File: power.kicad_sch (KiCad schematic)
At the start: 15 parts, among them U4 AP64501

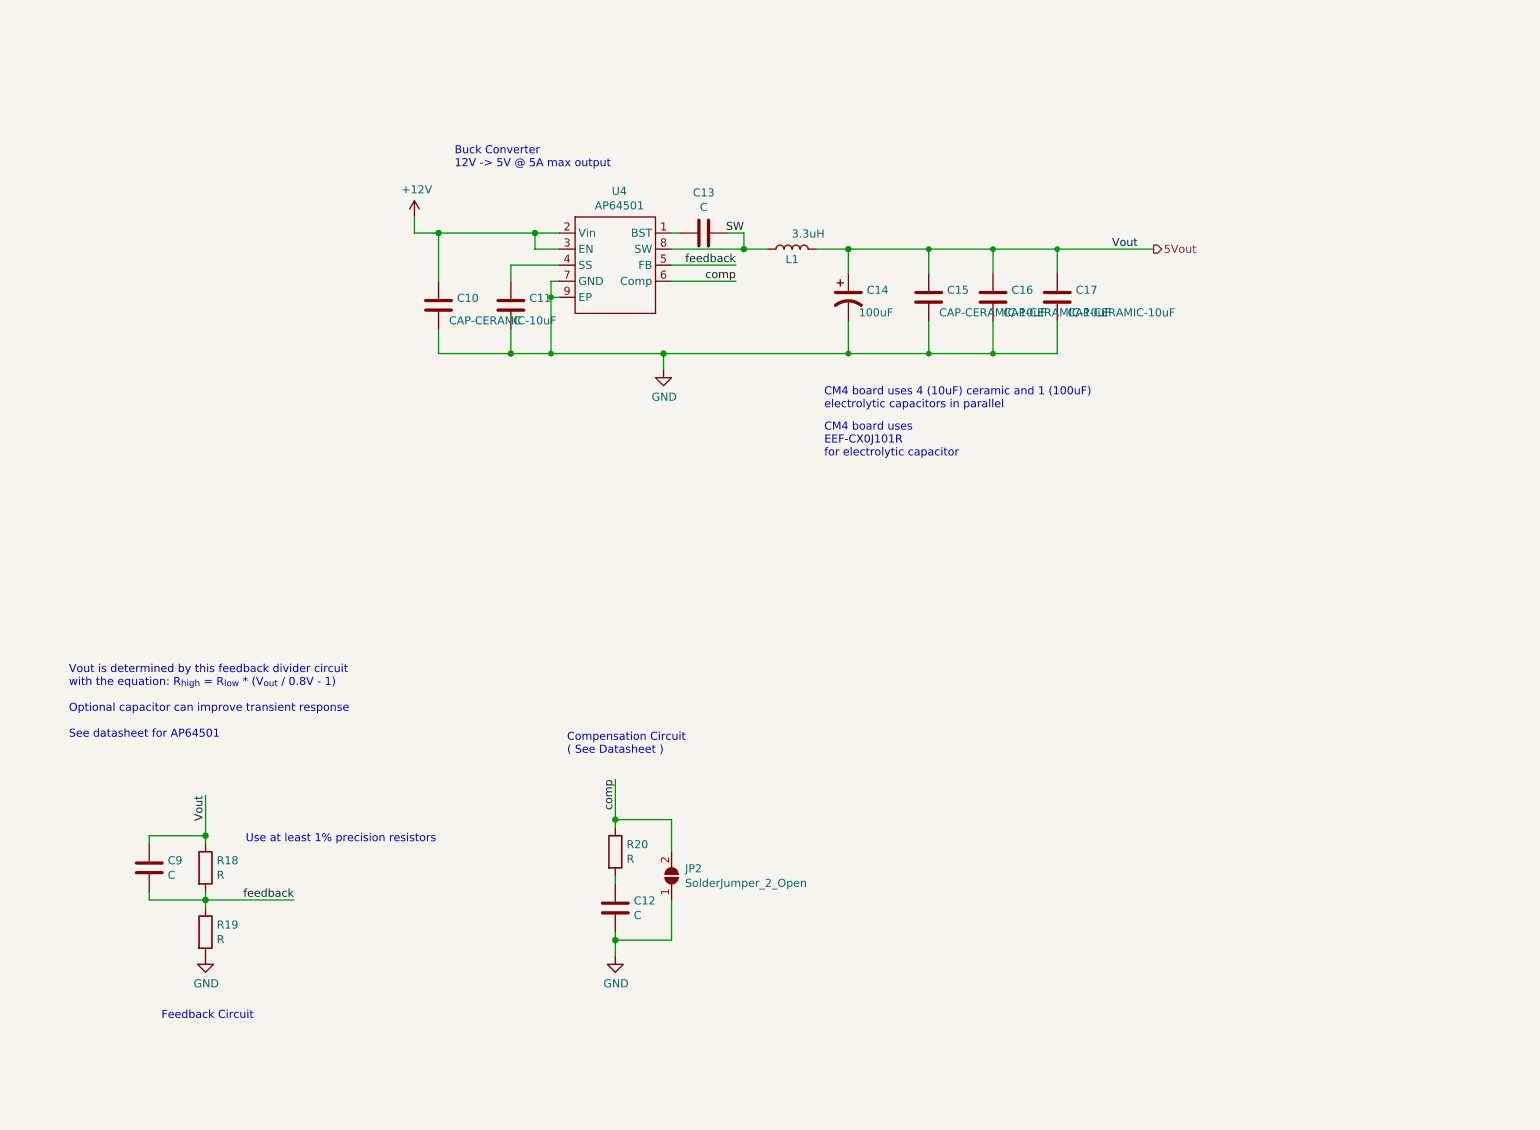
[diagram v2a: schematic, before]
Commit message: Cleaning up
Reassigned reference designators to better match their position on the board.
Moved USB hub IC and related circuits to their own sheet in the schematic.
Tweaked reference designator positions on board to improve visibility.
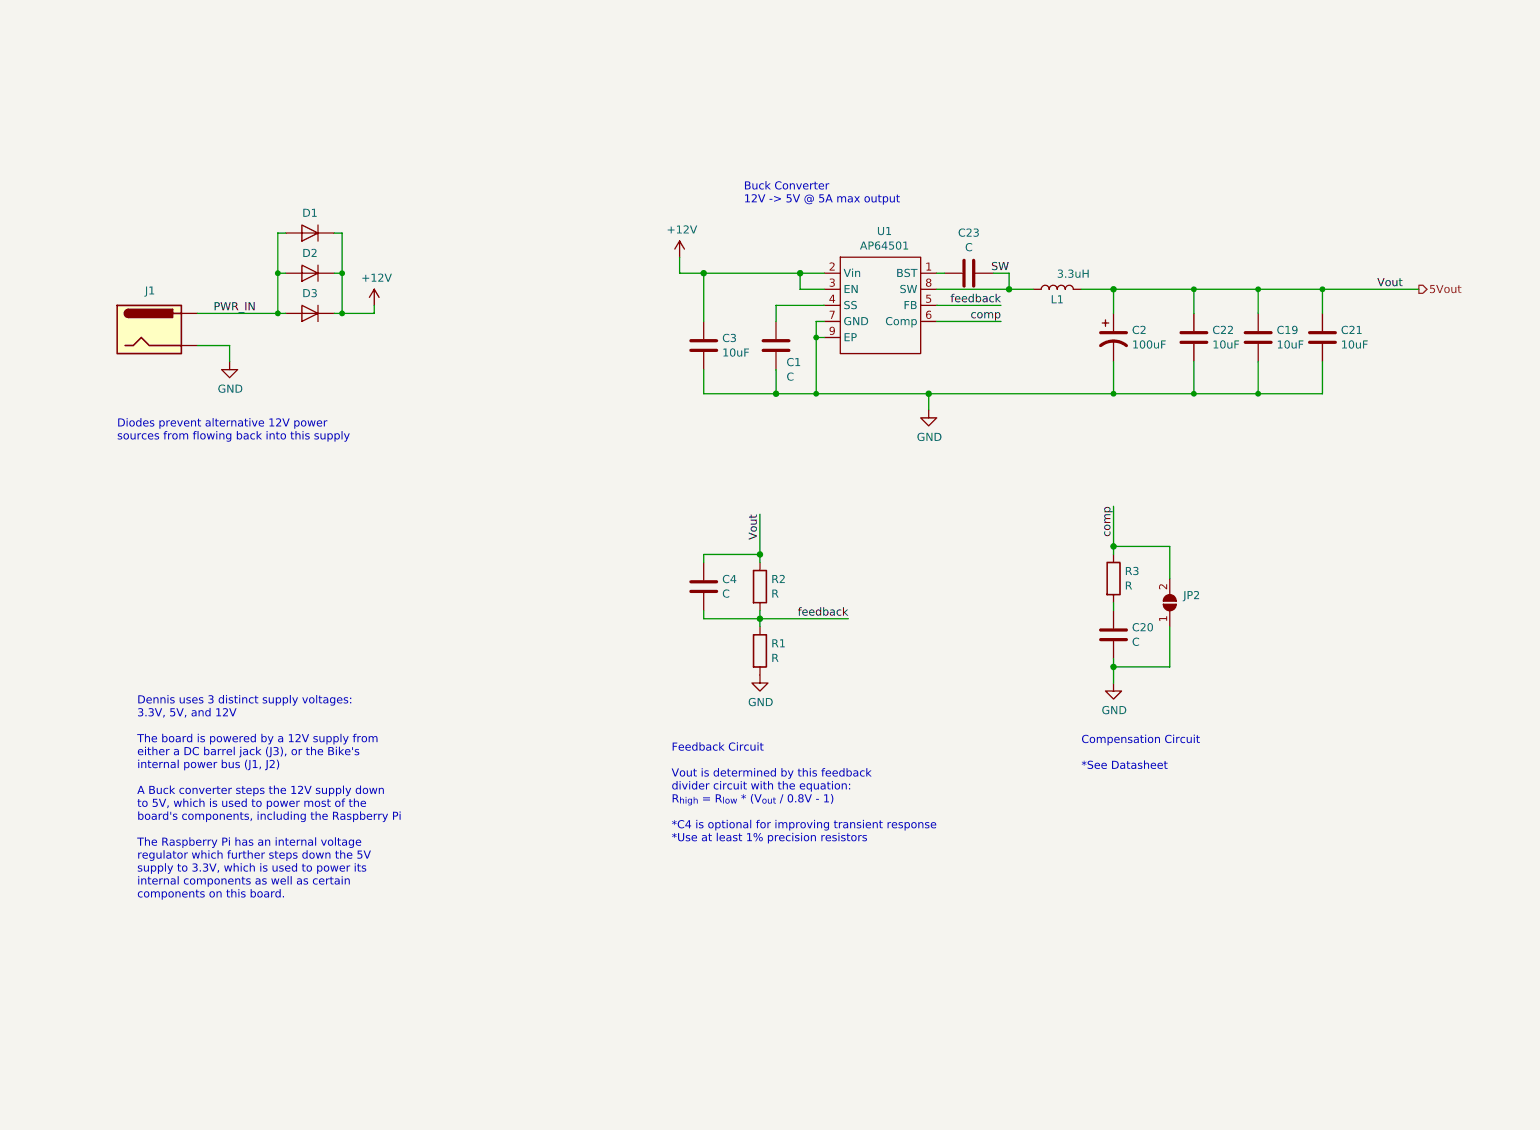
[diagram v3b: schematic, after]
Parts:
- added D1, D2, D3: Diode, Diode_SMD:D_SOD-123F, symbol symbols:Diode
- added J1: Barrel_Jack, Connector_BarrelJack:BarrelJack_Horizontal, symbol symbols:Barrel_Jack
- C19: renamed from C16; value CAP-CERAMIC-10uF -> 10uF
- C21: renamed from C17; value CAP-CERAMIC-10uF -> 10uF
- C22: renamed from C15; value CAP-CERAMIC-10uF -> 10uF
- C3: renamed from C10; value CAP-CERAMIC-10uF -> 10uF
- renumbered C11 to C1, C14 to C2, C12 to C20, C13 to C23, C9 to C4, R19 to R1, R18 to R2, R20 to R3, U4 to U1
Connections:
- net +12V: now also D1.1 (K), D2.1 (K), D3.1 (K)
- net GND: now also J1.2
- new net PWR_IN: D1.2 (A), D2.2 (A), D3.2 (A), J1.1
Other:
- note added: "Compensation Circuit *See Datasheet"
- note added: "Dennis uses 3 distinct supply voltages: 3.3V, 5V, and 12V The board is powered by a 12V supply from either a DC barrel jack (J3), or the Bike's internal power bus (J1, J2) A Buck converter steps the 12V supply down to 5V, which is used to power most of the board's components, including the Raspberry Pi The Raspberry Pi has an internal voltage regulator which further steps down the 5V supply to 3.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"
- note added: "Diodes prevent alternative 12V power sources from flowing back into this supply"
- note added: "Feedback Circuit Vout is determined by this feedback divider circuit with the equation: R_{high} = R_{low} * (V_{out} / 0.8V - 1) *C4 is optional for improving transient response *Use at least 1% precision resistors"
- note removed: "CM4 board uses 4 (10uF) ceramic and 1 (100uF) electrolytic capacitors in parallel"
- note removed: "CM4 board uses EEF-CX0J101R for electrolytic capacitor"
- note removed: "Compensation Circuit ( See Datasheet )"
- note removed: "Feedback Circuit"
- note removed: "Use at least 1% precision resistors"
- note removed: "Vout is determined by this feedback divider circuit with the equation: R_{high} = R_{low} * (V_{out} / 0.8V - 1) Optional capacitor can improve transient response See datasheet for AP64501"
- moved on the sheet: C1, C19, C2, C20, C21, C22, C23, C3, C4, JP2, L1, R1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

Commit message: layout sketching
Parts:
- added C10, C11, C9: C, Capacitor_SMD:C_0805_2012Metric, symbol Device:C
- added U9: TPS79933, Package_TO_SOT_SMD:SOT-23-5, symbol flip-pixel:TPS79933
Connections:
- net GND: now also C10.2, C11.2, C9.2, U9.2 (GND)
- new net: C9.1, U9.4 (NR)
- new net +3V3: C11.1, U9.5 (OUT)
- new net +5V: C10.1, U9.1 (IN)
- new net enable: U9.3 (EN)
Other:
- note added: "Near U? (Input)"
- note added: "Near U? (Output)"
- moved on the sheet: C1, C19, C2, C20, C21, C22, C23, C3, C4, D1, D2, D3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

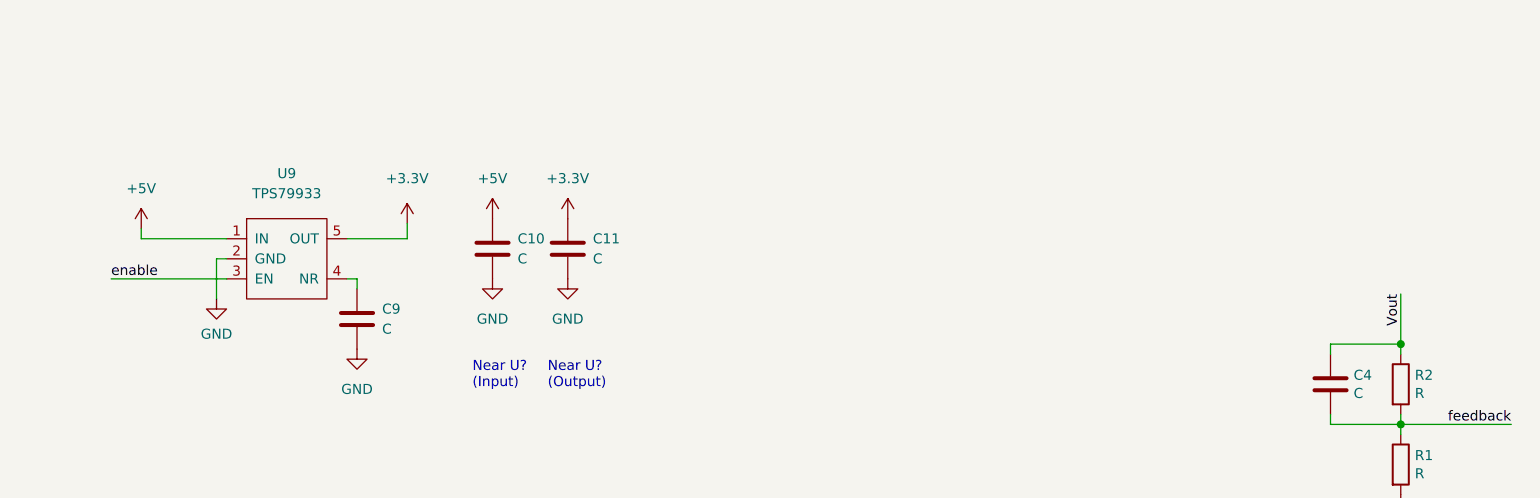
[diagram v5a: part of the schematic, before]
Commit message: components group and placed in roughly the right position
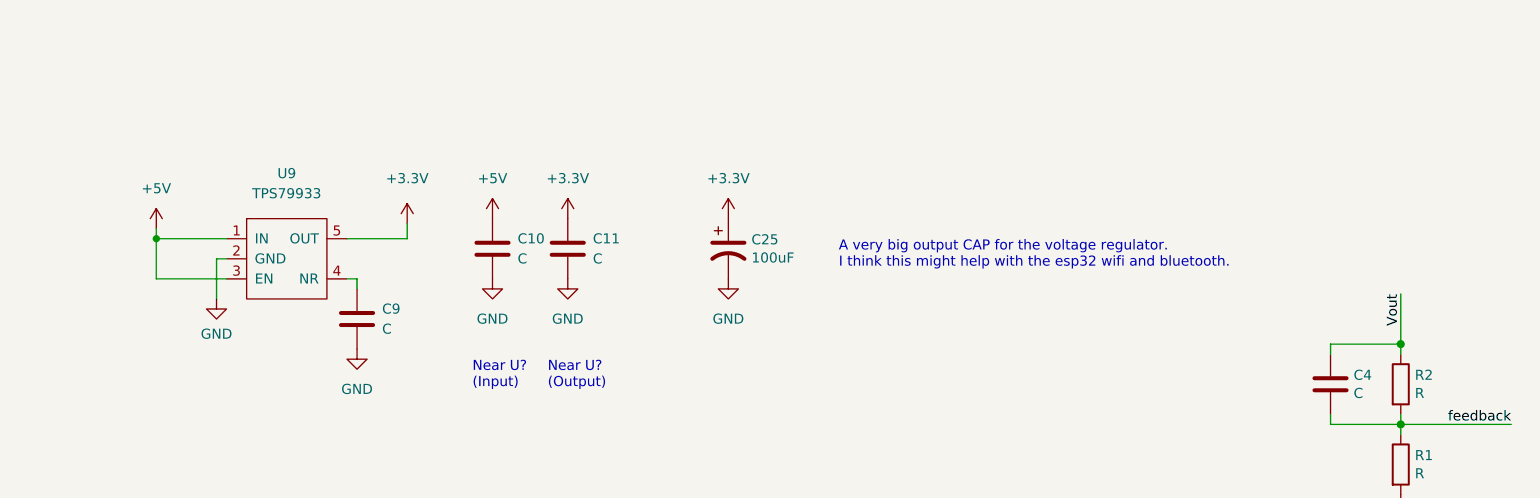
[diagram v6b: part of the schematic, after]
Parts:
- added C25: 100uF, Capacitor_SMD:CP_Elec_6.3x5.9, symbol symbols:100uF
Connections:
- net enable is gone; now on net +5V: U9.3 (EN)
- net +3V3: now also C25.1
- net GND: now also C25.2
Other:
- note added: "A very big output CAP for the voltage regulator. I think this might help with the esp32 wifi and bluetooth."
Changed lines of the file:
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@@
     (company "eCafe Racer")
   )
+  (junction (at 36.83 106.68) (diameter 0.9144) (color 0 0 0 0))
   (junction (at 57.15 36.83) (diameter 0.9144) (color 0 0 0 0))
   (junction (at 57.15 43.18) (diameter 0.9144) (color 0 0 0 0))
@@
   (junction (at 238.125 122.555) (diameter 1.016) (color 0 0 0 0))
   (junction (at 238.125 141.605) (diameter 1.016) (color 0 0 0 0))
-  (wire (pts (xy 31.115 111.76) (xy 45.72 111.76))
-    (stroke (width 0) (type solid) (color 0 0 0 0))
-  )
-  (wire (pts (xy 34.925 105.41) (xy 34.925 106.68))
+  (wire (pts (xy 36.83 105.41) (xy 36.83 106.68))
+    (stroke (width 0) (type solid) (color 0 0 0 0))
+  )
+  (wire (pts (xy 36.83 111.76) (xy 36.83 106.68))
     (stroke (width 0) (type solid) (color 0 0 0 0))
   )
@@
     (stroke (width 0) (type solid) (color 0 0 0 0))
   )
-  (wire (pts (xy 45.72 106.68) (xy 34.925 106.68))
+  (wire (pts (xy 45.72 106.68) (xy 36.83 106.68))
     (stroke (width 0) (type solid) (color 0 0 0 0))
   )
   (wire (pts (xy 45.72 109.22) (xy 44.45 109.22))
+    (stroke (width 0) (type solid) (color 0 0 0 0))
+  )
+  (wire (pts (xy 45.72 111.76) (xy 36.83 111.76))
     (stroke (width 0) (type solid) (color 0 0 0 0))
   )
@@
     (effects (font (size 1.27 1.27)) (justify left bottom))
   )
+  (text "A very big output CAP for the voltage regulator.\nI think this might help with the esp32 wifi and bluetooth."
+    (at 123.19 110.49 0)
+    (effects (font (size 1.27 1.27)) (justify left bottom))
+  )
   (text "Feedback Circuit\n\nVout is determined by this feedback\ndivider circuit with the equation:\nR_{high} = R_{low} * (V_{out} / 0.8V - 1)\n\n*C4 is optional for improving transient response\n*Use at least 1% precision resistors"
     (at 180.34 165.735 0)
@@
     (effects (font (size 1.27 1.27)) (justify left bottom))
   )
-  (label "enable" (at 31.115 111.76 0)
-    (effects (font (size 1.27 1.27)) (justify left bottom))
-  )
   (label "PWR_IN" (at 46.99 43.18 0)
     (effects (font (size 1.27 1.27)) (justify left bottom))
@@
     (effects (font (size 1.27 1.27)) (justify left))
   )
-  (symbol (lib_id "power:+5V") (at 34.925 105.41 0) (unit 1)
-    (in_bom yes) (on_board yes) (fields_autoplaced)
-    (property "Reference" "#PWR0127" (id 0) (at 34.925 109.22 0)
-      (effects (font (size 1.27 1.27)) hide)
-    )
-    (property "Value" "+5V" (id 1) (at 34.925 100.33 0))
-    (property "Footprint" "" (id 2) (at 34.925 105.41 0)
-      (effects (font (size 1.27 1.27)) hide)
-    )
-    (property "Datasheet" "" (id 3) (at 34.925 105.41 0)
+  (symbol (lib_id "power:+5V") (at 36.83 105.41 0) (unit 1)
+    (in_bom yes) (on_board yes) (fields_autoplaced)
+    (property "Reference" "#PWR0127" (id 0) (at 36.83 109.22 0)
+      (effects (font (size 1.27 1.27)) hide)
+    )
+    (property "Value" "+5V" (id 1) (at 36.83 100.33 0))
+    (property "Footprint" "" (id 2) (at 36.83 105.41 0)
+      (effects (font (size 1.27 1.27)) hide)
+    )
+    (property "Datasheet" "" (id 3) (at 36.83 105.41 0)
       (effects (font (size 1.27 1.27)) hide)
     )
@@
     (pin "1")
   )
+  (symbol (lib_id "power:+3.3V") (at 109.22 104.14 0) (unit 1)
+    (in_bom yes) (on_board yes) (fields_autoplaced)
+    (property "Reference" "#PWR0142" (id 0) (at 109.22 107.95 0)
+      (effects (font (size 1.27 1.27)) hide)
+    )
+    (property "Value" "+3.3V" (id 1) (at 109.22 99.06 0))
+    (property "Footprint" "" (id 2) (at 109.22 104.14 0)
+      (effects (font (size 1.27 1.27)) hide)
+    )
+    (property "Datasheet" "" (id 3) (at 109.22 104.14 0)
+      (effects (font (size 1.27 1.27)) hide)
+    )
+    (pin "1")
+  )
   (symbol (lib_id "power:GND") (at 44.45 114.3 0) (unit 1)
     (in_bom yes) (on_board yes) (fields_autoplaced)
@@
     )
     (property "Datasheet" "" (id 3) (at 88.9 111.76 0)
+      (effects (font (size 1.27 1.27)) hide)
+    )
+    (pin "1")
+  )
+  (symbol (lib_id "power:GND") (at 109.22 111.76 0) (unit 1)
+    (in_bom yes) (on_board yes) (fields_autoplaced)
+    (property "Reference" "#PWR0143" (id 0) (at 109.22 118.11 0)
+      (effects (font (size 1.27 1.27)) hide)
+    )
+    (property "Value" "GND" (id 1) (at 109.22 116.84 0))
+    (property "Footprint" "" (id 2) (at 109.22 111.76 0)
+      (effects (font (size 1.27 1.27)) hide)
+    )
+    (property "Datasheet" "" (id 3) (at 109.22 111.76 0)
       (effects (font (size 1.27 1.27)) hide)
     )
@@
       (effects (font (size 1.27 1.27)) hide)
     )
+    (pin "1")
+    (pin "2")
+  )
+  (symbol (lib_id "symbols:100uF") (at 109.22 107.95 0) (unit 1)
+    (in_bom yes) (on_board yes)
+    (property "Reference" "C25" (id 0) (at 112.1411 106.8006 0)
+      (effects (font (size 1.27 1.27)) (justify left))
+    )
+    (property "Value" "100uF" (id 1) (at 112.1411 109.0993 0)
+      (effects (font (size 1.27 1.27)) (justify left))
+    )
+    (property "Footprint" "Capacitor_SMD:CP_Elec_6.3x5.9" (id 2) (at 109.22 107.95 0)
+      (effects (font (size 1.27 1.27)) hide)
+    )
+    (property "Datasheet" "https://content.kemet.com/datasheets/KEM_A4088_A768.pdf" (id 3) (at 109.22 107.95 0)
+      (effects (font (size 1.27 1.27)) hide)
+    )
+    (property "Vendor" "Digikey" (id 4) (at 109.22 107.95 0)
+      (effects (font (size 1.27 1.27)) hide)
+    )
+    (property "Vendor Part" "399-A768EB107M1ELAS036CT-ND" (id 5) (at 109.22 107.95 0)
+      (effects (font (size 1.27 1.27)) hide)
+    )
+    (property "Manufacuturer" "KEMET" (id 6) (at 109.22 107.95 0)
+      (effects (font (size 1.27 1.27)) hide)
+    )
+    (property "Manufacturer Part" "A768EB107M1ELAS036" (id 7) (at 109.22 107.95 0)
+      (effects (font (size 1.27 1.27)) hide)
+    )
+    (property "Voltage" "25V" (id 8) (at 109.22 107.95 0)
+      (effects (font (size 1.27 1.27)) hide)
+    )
==============================
Task objective ->
Go through the listing above and return every line where the word "schematic" occurs.

Solution to the exercise ->
File: power.kicad_sch (KiCad schematic)
[diagram v2a: schematic, before]
Moved USB hub IC and related circuits to their own sheet in the schematic.
[diagram v3b: schematic, after]
[diagram v5a: part of the schematic, before]
[diagram v6b: part of the schematic, after]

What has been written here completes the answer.